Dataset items
-=-=-
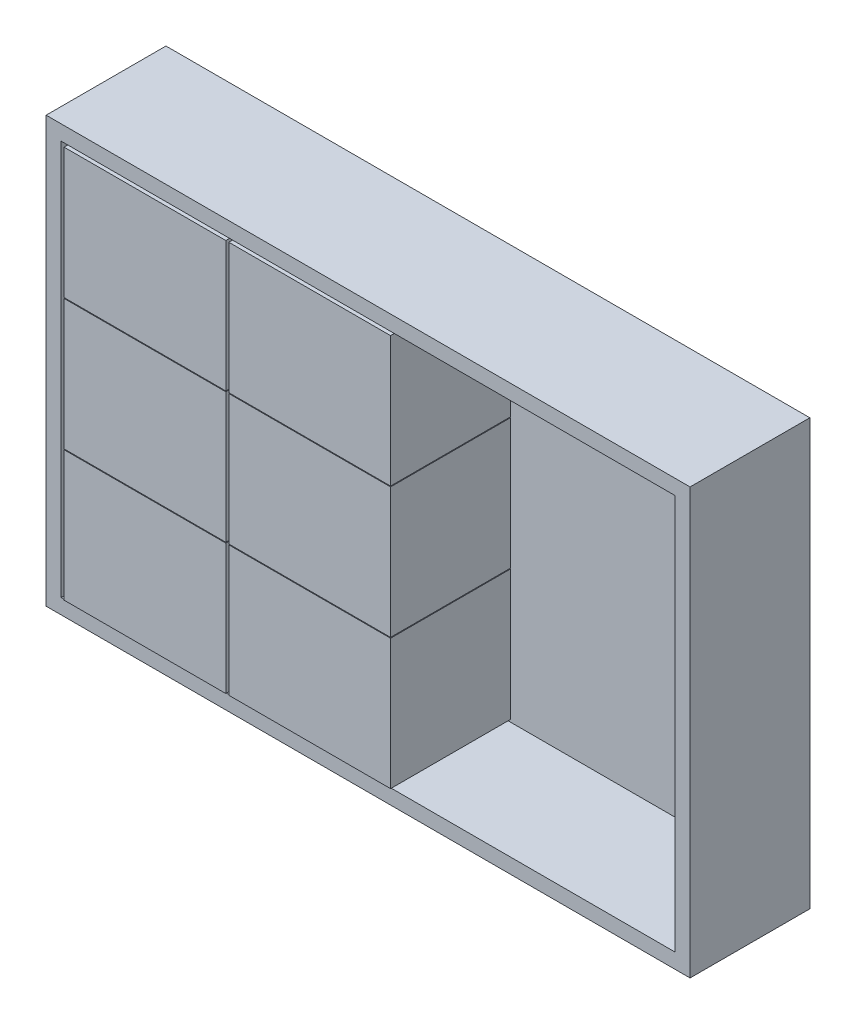
ISO-10303-21;
HEADER;
FILE_DESCRIPTION(('STEP AP214'),'2;1');
FILE_NAME('part.step','',(''),(''),'','','');
FILE_SCHEMA(('AUTOMOTIVE_DESIGN { 1 0 10303 214 1 1 1 1 }'));
ENDSEC;
DATA;
#1=APPLICATION_CONTEXT('core data for automotive mechanical design processes');
#2=APPLICATION_PROTOCOL_DEFINITION('international standard','automotive_design',2000,#1);
#3=PRODUCT_CONTEXT('',#1,'mechanical');
#4=PRODUCT('Part','Part','',(#3));
#5=PRODUCT_RELATED_PRODUCT_CATEGORY('part','',(#4));
#6=PRODUCT_DEFINITION_FORMATION('','',#4);
#7=PRODUCT_DEFINITION_CONTEXT('part definition',#1,'design');
#8=PRODUCT_DEFINITION('design','',#6,#7);
#9=PRODUCT_DEFINITION_SHAPE('','',#8);
#10=(LENGTH_UNIT() NAMED_UNIT(*) SI_UNIT(.MILLI.,.METRE.));
#11=(NAMED_UNIT(*) PLANE_ANGLE_UNIT() SI_UNIT($,.RADIAN.));
#12=(NAMED_UNIT(*) SI_UNIT($,.STERADIAN.) SOLID_ANGLE_UNIT());
#13=UNCERTAINTY_MEASURE_WITH_UNIT(LENGTH_MEASURE(1.E-05),#10,'distance_accuracy_value','');
#14=(GEOMETRIC_REPRESENTATION_CONTEXT(3) GLOBAL_UNCERTAINTY_ASSIGNED_CONTEXT((#13)) GLOBAL_UNIT_ASSIGNED_CONTEXT((#10,
#11,#12)) REPRESENTATION_CONTEXT('',''));
#15=CARTESIAN_POINT('',(0.,0.,0.));
#16=DIRECTION('',(0.,0.,1.));
#17=DIRECTION('',(1.,0.,0.));
#18=AXIS2_PLACEMENT_3D('',#15,#16,#17);
#19=CARTESIAN_POINT('',(0.,0.,1.));
#20=DIRECTION('',(0.,0.,-1.));
#21=DIRECTION('',(-1.,0.,0.));
#22=AXIS2_PLACEMENT_3D('',#19,#20,#21);
#23=PLANE('',#22);
#24=DIRECTION('',(0.,-1.,0.));
#25=VECTOR('',#24,1.);
#26=CARTESIAN_POINT('',(57.,88.,1.));
#27=LINE('',#26,#25);
#28=CARTESIAN_POINT('',(57.,88.,1.));
#29=VERTEX_POINT('',#28);
#30=CARTESIAN_POINT('',(57.,44.5,1.));
#31=VERTEX_POINT('',#30);
#32=EDGE_CURVE('E322',#29,#31,#27,.T.);
#33=ORIENTED_EDGE('',*,*,#32,.F.);
#34=DIRECTION('',(-1.,0.,0.));
#35=VECTOR('',#34,1.);
#36=CARTESIAN_POINT('',(57.,88.,1.));
#37=LINE('',#36,#35);
#38=CARTESIAN_POINT('',(111.,88.,1.));
#39=VERTEX_POINT('',#38);
#40=EDGE_CURVE('E288',#39,#29,#37,.T.);
#41=ORIENTED_EDGE('',*,*,#40,.F.);
#42=DIRECTION('',(0.,1.,0.));
#43=VECTOR('',#42,1.);
#44=CARTESIAN_POINT('',(111.,88.,1.));
#45=LINE('',#44,#43);
#46=CARTESIAN_POINT('',(111.,44.5,1.));
#47=VERTEX_POINT('',#46);
#48=EDGE_CURVE('E310',#47,#39,#45,.T.);
#49=ORIENTED_EDGE('',*,*,#48,.F.);
#50=DIRECTION('',(1.,0.,0.));
#51=VECTOR('',#50,1.);
#52=CARTESIAN_POINT('',(57.,44.5,1.));
#53=LINE('',#52,#51);
#54=EDGE_CURVE('E316',#31,#47,#53,.T.);
#55=ORIENTED_EDGE('',*,*,#54,.F.);
#56=EDGE_LOOP('',(#33,#41,#49,#55));
#57=FACE_BOUND('',#56,.T.);
#58=DIRECTION('',(0.,-1.,0.));
#59=VECTOR('',#58,1.);
#60=CARTESIAN_POINT('',(2.,44.25,1.));
#61=LINE('',#60,#59);
#62=CARTESIAN_POINT('',(2.,44.25,1.));
#63=VERTEX_POINT('',#62);
#64=CARTESIAN_POINT('',(2.00000000000001,0.750000000000015,1.));
#65=VERTEX_POINT('',#64);
#66=EDGE_CURVE('E388',#63,#65,#61,.T.);
#67=ORIENTED_EDGE('',*,*,#66,.F.);
#68=DIRECTION('',(-1.,0.,0.));
#69=VECTOR('',#68,1.);
#70=CARTESIAN_POINT('',(2.,44.25,1.));
#71=LINE('',#70,#69);
#72=CARTESIAN_POINT('',(56.,44.25,1.));
#73=VERTEX_POINT('',#72);
#74=EDGE_CURVE('E358',#73,#63,#71,.T.);
#75=ORIENTED_EDGE('',*,*,#74,.F.);
#76=DIRECTION('',(0.,1.,0.));
#77=VECTOR('',#76,1.);
#78=CARTESIAN_POINT('',(56.,44.25,1.));
#79=LINE('',#78,#77);
#80=CARTESIAN_POINT('',(56.,0.750000000000015,1.));
#81=VERTEX_POINT('',#80);
#82=EDGE_CURVE('E376',#81,#73,#79,.T.);
#83=ORIENTED_EDGE('',*,*,#82,.F.);
#84=DIRECTION('',(1.,0.,0.));
#85=VECTOR('',#84,1.);
#86=CARTESIAN_POINT('',(2.00000000000001,0.750000000000015,1.));
#87=LINE('',#86,#85);
#88=EDGE_CURVE('E382',#65,#81,#87,.T.);
#89=ORIENTED_EDGE('',*,*,#88,.F.);
#90=EDGE_LOOP('',(#67,#75,#83,#89));
#91=FACE_BOUND('',#90,.T.);
#92=DIRECTION('',(0.,-1.,0.));
#93=VECTOR('',#92,1.);
#94=CARTESIAN_POINT('',(2.,131.75,1.));
#95=LINE('',#94,#93);
#96=CARTESIAN_POINT('',(2.,131.75,1.));
#97=VERTEX_POINT('',#96);
#98=CARTESIAN_POINT('',(2.00000000000001,88.25,1.));
#99=VERTEX_POINT('',#98);
#100=EDGE_CURVE('E424',#97,#99,#95,.T.);
#101=ORIENTED_EDGE('',*,*,#100,.F.);
#102=DIRECTION('',(-1.,0.,0.));
#103=VECTOR('',#102,1.);
#104=CARTESIAN_POINT('',(2.,131.75,1.));
#105=LINE('',#104,#103);
#106=CARTESIAN_POINT('',(56.,131.75,1.));
#107=VERTEX_POINT('',#106);
#108=EDGE_CURVE('E429',#107,#97,#105,.T.);
#109=ORIENTED_EDGE('',*,*,#108,.F.);
#110=DIRECTION('',(0.,1.,0.));
#111=VECTOR('',#110,1.);
#112=CARTESIAN_POINT('',(56.,131.75,1.));
#113=LINE('',#112,#111);
#114=CARTESIAN_POINT('',(56.,88.25,1.));
#115=VERTEX_POINT('',#114);
#116=EDGE_CURVE('E441',#115,#107,#113,.T.);
#117=ORIENTED_EDGE('',*,*,#116,.F.);
#118=DIRECTION('',(1.,0.,0.));
#119=VECTOR('',#118,1.);
#120=CARTESIAN_POINT('',(2.00000000000001,88.25,1.));
#121=LINE('',#120,#119);
#122=EDGE_CURVE('E438',#99,#115,#121,.T.);
#123=ORIENTED_EDGE('',*,*,#122,.F.);
#124=EDGE_LOOP('',(#101,#109,#117,#123));
#125=FACE_BOUND('',#124,.T.);
#126=DIRECTION('',(0.,-1.,0.));
#127=VECTOR('',#126,1.);
#128=CARTESIAN_POINT('',(0.,0.,1.));
#129=LINE('',#128,#127);
#130=CARTESIAN_POINT('',(0.,132.,1.));
#131=VERTEX_POINT('',#130);
#132=CARTESIAN_POINT('',(0.,0.,1.));
#133=VERTEX_POINT('',#132);
#134=EDGE_CURVE('E507',#131,#133,#129,.T.);
#135=ORIENTED_EDGE('',*,*,#134,.T.);
#136=DIRECTION('',(1.,0.,0.));
#137=VECTOR('',#136,1.);
#138=CARTESIAN_POINT('',(0.,0.,1.));
#139=LINE('',#138,#137);
#140=CARTESIAN_POINT('',(205.,0.,1.));
#141=VERTEX_POINT('',#140);
#142=EDGE_CURVE('E510',#133,#141,#139,.T.);
#143=ORIENTED_EDGE('',*,*,#142,.T.);
#144=DIRECTION('',(0.,1.,0.));
#145=VECTOR('',#144,1.);
#146=CARTESIAN_POINT('',(205.,0.,1.));
#147=LINE('',#146,#145);
#148=CARTESIAN_POINT('',(205.,132.,1.));
#149=VERTEX_POINT('',#148);
#150=EDGE_CURVE('E65',#141,#149,#147,.T.);
#151=ORIENTED_EDGE('',*,*,#150,.T.);
#152=DIRECTION('',(-1.,0.,0.));
#153=VECTOR('',#152,1.);
#154=CARTESIAN_POINT('',(0.,132.,1.));
#155=LINE('',#154,#153);
#156=EDGE_CURVE('E12',#149,#131,#155,.T.);
#157=ORIENTED_EDGE('',*,*,#156,.T.);
#158=EDGE_LOOP('',(#135,#143,#151,#157));
#159=FACE_BOUND('',#158,.T.);
#160=DIRECTION('',(0.,-1.,0.));
#161=VECTOR('',#160,1.);
#162=CARTESIAN_POINT('',(2.,88.,1.));
#163=LINE('',#162,#161);
#164=CARTESIAN_POINT('',(2.,88.,1.));
#165=VERTEX_POINT('',#164);
#166=CARTESIAN_POINT('',(2.00000000000001,44.5,1.));
#167=VERTEX_POINT('',#166);
#168=EDGE_CURVE('E421',#165,#167,#163,.T.);
#169=ORIENTED_EDGE('',*,*,#168,.F.);
#170=DIRECTION('',(-1.,0.,0.));
#171=VECTOR('',#170,1.);
#172=CARTESIAN_POINT('',(2.,88.,1.));
#173=LINE('',#172,#171);
#174=CARTESIAN_POINT('',(56.,88.,1.));
#175=VERTEX_POINT('',#174);
#176=EDGE_CURVE('E391',#175,#165,#173,.T.);
#177=ORIENTED_EDGE('',*,*,#176,.F.);
#178=DIRECTION('',(0.,1.,0.));
#179=VECTOR('',#178,1.);
#180=CARTESIAN_POINT('',(56.,88.,1.));
#181=LINE('',#180,#179);
#182=CARTESIAN_POINT('',(56.,44.5,1.));
#183=VERTEX_POINT('',#182);
#184=EDGE_CURVE('E409',#183,#175,#181,.T.);
#185=ORIENTED_EDGE('',*,*,#184,.F.);
#186=DIRECTION('',(1.,0.,0.));
#187=VECTOR('',#186,1.);
#188=CARTESIAN_POINT('',(2.00000000000001,44.5,1.));
#189=LINE('',#188,#187);
#190=EDGE_CURVE('E415',#167,#183,#189,.T.);
#191=ORIENTED_EDGE('',*,*,#190,.F.);
#192=EDGE_LOOP('',(#169,#177,#185,#191));
#193=FACE_BOUND('',#192,.T.);
#194=DIRECTION('',(0.,-1.,0.));
#195=VECTOR('',#194,1.);
#196=CARTESIAN_POINT('',(57.,131.75,1.));
#197=LINE('',#196,#195);
#198=CARTESIAN_POINT('',(57.,131.75,1.));
#199=VERTEX_POINT('',#198);
#200=CARTESIAN_POINT('',(57.,88.25,1.));
#201=VERTEX_POINT('',#200);
#202=EDGE_CURVE('E355',#199,#201,#197,.T.);
#203=ORIENTED_EDGE('',*,*,#202,.F.);
#204=DIRECTION('',(-1.,0.,0.));
#205=VECTOR('',#204,1.);
#206=CARTESIAN_POINT('',(57.,131.75,1.));
#207=LINE('',#206,#205);
#208=CARTESIAN_POINT('',(111.,131.75,1.));
#209=VERTEX_POINT('',#208);
#210=EDGE_CURVE('E325',#209,#199,#207,.T.);
#211=ORIENTED_EDGE('',*,*,#210,.F.);
#212=DIRECTION('',(0.,1.,0.));
#213=VECTOR('',#212,1.);
#214=CARTESIAN_POINT('',(111.,131.75,1.));
#215=LINE('',#214,#213);
#216=CARTESIAN_POINT('',(111.,88.25,1.));
#217=VERTEX_POINT('',#216);
#218=EDGE_CURVE('E343',#217,#209,#215,.T.);
#219=ORIENTED_EDGE('',*,*,#218,.F.);
#220=DIRECTION('',(1.,0.,0.));
#221=VECTOR('',#220,1.);
#222=CARTESIAN_POINT('',(57.,88.25,1.));
#223=LINE('',#222,#221);
#224=EDGE_CURVE('E349',#201,#217,#223,.T.);
#225=ORIENTED_EDGE('',*,*,#224,.F.);
#226=EDGE_LOOP('',(#203,#211,#219,#225));
#227=FACE_BOUND('',#226,.T.);
#228=DIRECTION('',(0.,-1.,0.));
#229=VECTOR('',#228,1.);
#230=CARTESIAN_POINT('',(57.,44.25,1.));
#231=LINE('',#230,#229);
#232=CARTESIAN_POINT('',(57.,44.25,1.));
#233=VERTEX_POINT('',#232);
#234=CARTESIAN_POINT('',(57.,0.750000000000015,1.));
#235=VERTEX_POINT('',#234);
#236=EDGE_CURVE('E286',#233,#235,#231,.T.);
#237=ORIENTED_EDGE('',*,*,#236,.F.);
#238=DIRECTION('',(-1.,0.,0.));
#239=VECTOR('',#238,1.);
#240=CARTESIAN_POINT('',(57.,44.25,1.));
#241=LINE('',#240,#239);
#242=CARTESIAN_POINT('',(111.,44.25,1.));
#243=VERTEX_POINT('',#242);
#244=EDGE_CURVE('E275',#243,#233,#241,.T.);
#245=ORIENTED_EDGE('',*,*,#244,.F.);
#246=DIRECTION('',(0.,1.,0.));
#247=VECTOR('',#246,1.);
#248=CARTESIAN_POINT('',(111.,44.25,1.));
#249=LINE('',#248,#247);
#250=CARTESIAN_POINT('',(111.,0.750000000000015,1.));
#251=VERTEX_POINT('',#250);
#252=EDGE_CURVE('E77',#251,#243,#249,.T.);
#253=ORIENTED_EDGE('',*,*,#252,.F.);
#254=DIRECTION('',(1.,0.,0.));
#255=VECTOR('',#254,1.);
#256=CARTESIAN_POINT('',(57.,0.750000000000015,1.));
#257=LINE('',#256,#255);
#258=EDGE_CURVE('E72',#235,#251,#257,.T.);
#259=ORIENTED_EDGE('',*,*,#258,.F.);
#260=EDGE_LOOP('',(#237,#245,#253,#259));
#261=FACE_BOUND('',#260,.T.);
#262=ADVANCED_FACE('F57',(#57,#91,#125,#159,#193,#227,#261),#23,.F.);
#263=CARTESIAN_POINT('',(0.,0.,40.));
#264=DIRECTION('',(1.,0.,0.));
#265=DIRECTION('',(0.,0.,-1.));
#266=AXIS2_PLACEMENT_3D('',#263,#264,#265);
#267=PLANE('',#266);
#268=ORIENTED_EDGE('',*,*,#134,.F.);
#269=DIRECTION('',(0.,0.,-1.));
#270=VECTOR('',#269,1.);
#271=CARTESIAN_POINT('',(0.,132.,40.));
#272=LINE('',#271,#270);
#273=CARTESIAN_POINT('',(0.,132.,40.));
#274=VERTEX_POINT('',#273);
#275=EDGE_CURVE('E466',#274,#131,#272,.T.);
#276=ORIENTED_EDGE('',*,*,#275,.F.);
#277=DIRECTION('',(0.,-1.,0.));
#278=VECTOR('',#277,1.);
#279=CARTESIAN_POINT('',(0.,0.,40.));
#280=LINE('',#279,#278);
#281=CARTESIAN_POINT('',(0.,0.,40.));
#282=VERTEX_POINT('',#281);
#283=EDGE_CURVE('E457',#274,#282,#280,.T.);
#284=ORIENTED_EDGE('',*,*,#283,.T.);
#285=DIRECTION('',(0.,0.,-1.));
#286=VECTOR('',#285,1.);
#287=CARTESIAN_POINT('',(0.,0.,40.));
#288=LINE('',#287,#286);
#289=EDGE_CURVE('E474',#282,#133,#288,.T.);
#290=ORIENTED_EDGE('',*,*,#289,.T.);
#291=EDGE_LOOP('',(#268,#276,#284,#290));
#292=FACE_BOUND('',#291,.T.);
#293=ADVANCED_FACE('F532',(#292),#267,.T.);
#294=CARTESIAN_POINT('',(0.,0.,40.));
#295=DIRECTION('',(0.,1.,0.));
#296=DIRECTION('',(0.,0.,1.));
#297=AXIS2_PLACEMENT_3D('',#294,#295,#296);
#298=PLANE('',#297);
#299=ORIENTED_EDGE('',*,*,#142,.F.);
#300=ORIENTED_EDGE('',*,*,#289,.F.);
#301=DIRECTION('',(1.,0.,0.));
#302=VECTOR('',#301,1.);
#303=CARTESIAN_POINT('',(0.,0.,40.));
#304=LINE('',#303,#302);
#305=CARTESIAN_POINT('',(205.,0.,40.));
#306=VERTEX_POINT('',#305);
#307=EDGE_CURVE('E459',#282,#306,#304,.T.);
#308=ORIENTED_EDGE('',*,*,#307,.T.);
#309=DIRECTION('',(0.,0.,-1.));
#310=VECTOR('',#309,1.);
#311=CARTESIAN_POINT('',(205.,0.,40.));
#312=LINE('',#311,#310);
#313=EDGE_CURVE('E471',#306,#141,#312,.T.);
#314=ORIENTED_EDGE('',*,*,#313,.T.);
#315=EDGE_LOOP('',(#299,#300,#308,#314));
#316=FACE_BOUND('',#315,.T.);
#317=ADVANCED_FACE('F520',(#316),#298,.T.);
#318=CARTESIAN_POINT('',(205.,0.,40.));
#319=DIRECTION('',(-1.,0.,0.));
#320=DIRECTION('',(0.,0.,1.));
#321=AXIS2_PLACEMENT_3D('',#318,#319,#320);
#322=PLANE('',#321);
#323=ORIENTED_EDGE('',*,*,#150,.F.);
#324=ORIENTED_EDGE('',*,*,#313,.F.);
#325=DIRECTION('',(0.,1.,0.));
#326=VECTOR('',#325,1.);
#327=CARTESIAN_POINT('',(205.,0.,40.));
#328=LINE('',#327,#326);
#329=CARTESIAN_POINT('',(205.,132.,40.));
#330=VERTEX_POINT('',#329);
#331=EDGE_CURVE('E461',#306,#330,#328,.T.);
#332=ORIENTED_EDGE('',*,*,#331,.T.);
#333=DIRECTION('',(0.,0.,-1.));
#334=VECTOR('',#333,1.);
#335=CARTESIAN_POINT('',(205.,132.,40.));
#336=LINE('',#335,#334);
#337=EDGE_CURVE('E468',#330,#149,#336,.T.);
#338=ORIENTED_EDGE('',*,*,#337,.T.);
#339=EDGE_LOOP('',(#323,#324,#332,#338));
#340=FACE_BOUND('',#339,.T.);
#341=ADVANCED_FACE('F517',(#340),#322,.T.);
#342=CARTESIAN_POINT('',(0.,132.,40.));
#343=DIRECTION('',(0.,-1.,0.));
#344=DIRECTION('',(0.,0.,-1.));
#345=AXIS2_PLACEMENT_3D('',#342,#343,#344);
#346=PLANE('',#345);
#347=ORIENTED_EDGE('',*,*,#156,.F.);
#348=ORIENTED_EDGE('',*,*,#337,.F.);
#349=DIRECTION('',(-1.,0.,0.));
#350=VECTOR('',#349,1.);
#351=CARTESIAN_POINT('',(0.,132.,40.));
#352=LINE('',#351,#350);
#353=EDGE_CURVE('E464',#330,#274,#352,.T.);
#354=ORIENTED_EDGE('',*,*,#353,.T.);
#355=ORIENTED_EDGE('',*,*,#275,.T.);
#356=EDGE_LOOP('',(#347,#348,#354,#355));
#357=FACE_BOUND('',#356,.T.);
#358=ADVANCED_FACE('F529',(#357),#346,.T.);
#359=CARTESIAN_POINT('',(0.,0.,40.));
#360=DIRECTION('',(0.,0.,1.));
#361=DIRECTION('',(1.,0.,0.));
#362=AXIS2_PLACEMENT_3D('',#359,#360,#361);
#363=PLANE('',#362);
#364=DIRECTION('',(0.,-1.,0.));
#365=VECTOR('',#364,1.);
#366=CARTESIAN_POINT('',(-5.,0.,40.));
#367=LINE('',#366,#365);
#368=CARTESIAN_POINT('',(-5.,137.,40.));
#369=VERTEX_POINT('',#368);
#370=CARTESIAN_POINT('',(-5.,-5.,40.));
#371=VERTEX_POINT('',#370);
#372=EDGE_CURVE('E478',#369,#371,#367,.T.);
#373=ORIENTED_EDGE('',*,*,#372,.T.);
#374=DIRECTION('',(1.,0.,0.));
#375=VECTOR('',#374,1.);
#376=CARTESIAN_POINT('',(0.,-5.,40.));
#377=LINE('',#376,#375);
#378=CARTESIAN_POINT('',(210.,-5.,40.));
#379=VERTEX_POINT('',#378);
#380=EDGE_CURVE('E481',#371,#379,#377,.T.);
#381=ORIENTED_EDGE('',*,*,#380,.T.);
#382=DIRECTION('',(0.,1.,0.));
#383=VECTOR('',#382,1.);
#384=CARTESIAN_POINT('',(210.,0.,40.));
#385=LINE('',#384,#383);
#386=CARTESIAN_POINT('',(210.,137.,40.));
#387=VERTEX_POINT('',#386);
#388=EDGE_CURVE('E484',#379,#387,#385,.T.);
#389=ORIENTED_EDGE('',*,*,#388,.T.);
#390=DIRECTION('',(-1.,0.,0.));
#391=VECTOR('',#390,1.);
#392=CARTESIAN_POINT('',(0.,137.,40.));
#393=LINE('',#392,#391);
#394=EDGE_CURVE('E486',#387,#369,#393,.T.);
#395=ORIENTED_EDGE('',*,*,#394,.T.);
#396=EDGE_LOOP('',(#373,#381,#389,#395));
#397=FACE_BOUND('',#396,.T.);
#398=ORIENTED_EDGE('',*,*,#307,.F.);
#399=ORIENTED_EDGE('',*,*,#283,.F.);
#400=ORIENTED_EDGE('',*,*,#353,.F.);
#401=ORIENTED_EDGE('',*,*,#331,.F.);
#402=EDGE_LOOP('',(#398,#399,#400,#401));
#403=FACE_BOUND('',#402,.T.);
#404=ADVANCED_FACE('F525',(#397,#403),#363,.T.);
#405=CARTESIAN_POINT('',(-5.,0.,40.));
#406=DIRECTION('',(1.,0.,0.));
#407=DIRECTION('',(0.,0.,-1.));
#408=AXIS2_PLACEMENT_3D('',#405,#406,#407);
#409=PLANE('',#408);
#410=DIRECTION('',(0.,-1.,0.));
#411=VECTOR('',#410,1.);
#412=CARTESIAN_POINT('',(-5.,0.,0.));
#413=LINE('',#412,#411);
#414=CARTESIAN_POINT('',(-5.,137.,0.));
#415=VERTEX_POINT('',#414);
#416=CARTESIAN_POINT('',(-5.,-5.,0.));
#417=VERTEX_POINT('',#416);
#418=EDGE_CURVE('E477',#415,#417,#413,.T.);
#419=ORIENTED_EDGE('',*,*,#418,.T.);
#420=DIRECTION('',(0.,0.,-1.));
#421=VECTOR('',#420,1.);
#422=CARTESIAN_POINT('',(-5.,-5.,40.));
#423=LINE('',#422,#421);
#424=EDGE_CURVE('E504',#371,#417,#423,.T.);
#425=ORIENTED_EDGE('',*,*,#424,.F.);
#426=ORIENTED_EDGE('',*,*,#372,.F.);
#427=DIRECTION('',(0.,0.,-1.));
#428=VECTOR('',#427,1.);
#429=CARTESIAN_POINT('',(-5.,137.,40.));
#430=LINE('',#429,#428);
#431=EDGE_CURVE('E488',#369,#415,#430,.T.);
#432=ORIENTED_EDGE('',*,*,#431,.T.);
#433=EDGE_LOOP('',(#419,#425,#426,#432));
#434=FACE_BOUND('',#433,.T.);
#435=ADVANCED_FACE('F545',(#434),#409,.F.);
#436=CARTESIAN_POINT('',(0.,-5.,40.));
#437=DIRECTION('',(0.,1.,0.));
#438=DIRECTION('',(0.,0.,1.));
#439=AXIS2_PLACEMENT_3D('',#436,#437,#438);
#440=PLANE('',#439);
#441=DIRECTION('',(1.,0.,0.));
#442=VECTOR('',#441,1.);
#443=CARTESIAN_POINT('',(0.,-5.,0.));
-=-=-
### Problem details
Could you write out, exactly as they stand, only the lines above that begin at the line with "#3=PRODUCT_CONTEXT('',#1,'mechanical');" and stop after the line with "#12=(NAMED_UNIT(*) SI_UNIT($,.STERADIAN.) SOLID_ANGLE_UNIT());"?

### Exercise response
#3=PRODUCT_CONTEXT('',#1,'mechanical');
#4=PRODUCT('Part','Part','',(#3));
#5=PRODUCT_RELATED_PRODUCT_CATEGORY('part','',(#4));
#6=PRODUCT_DEFINITION_FORMATION('','',#4);
#7=PRODUCT_DEFINITION_CONTEXT('part definition',#1,'design');
#8=PRODUCT_DEFINITION('design','',#6,#7);
#9=PRODUCT_DEFINITION_SHAPE('','',#8);
#10=(LENGTH_UNIT() NAMED_UNIT(*) SI_UNIT(.MILLI.,.METRE.));
#11=(NAMED_UNIT(*) PLANE_ANGLE_UNIT() SI_UNIT($,.RADIAN.));
#12=(NAMED_UNIT(*) SI_UNIT($,.STERADIAN.) SOLID_ANGLE_UNIT());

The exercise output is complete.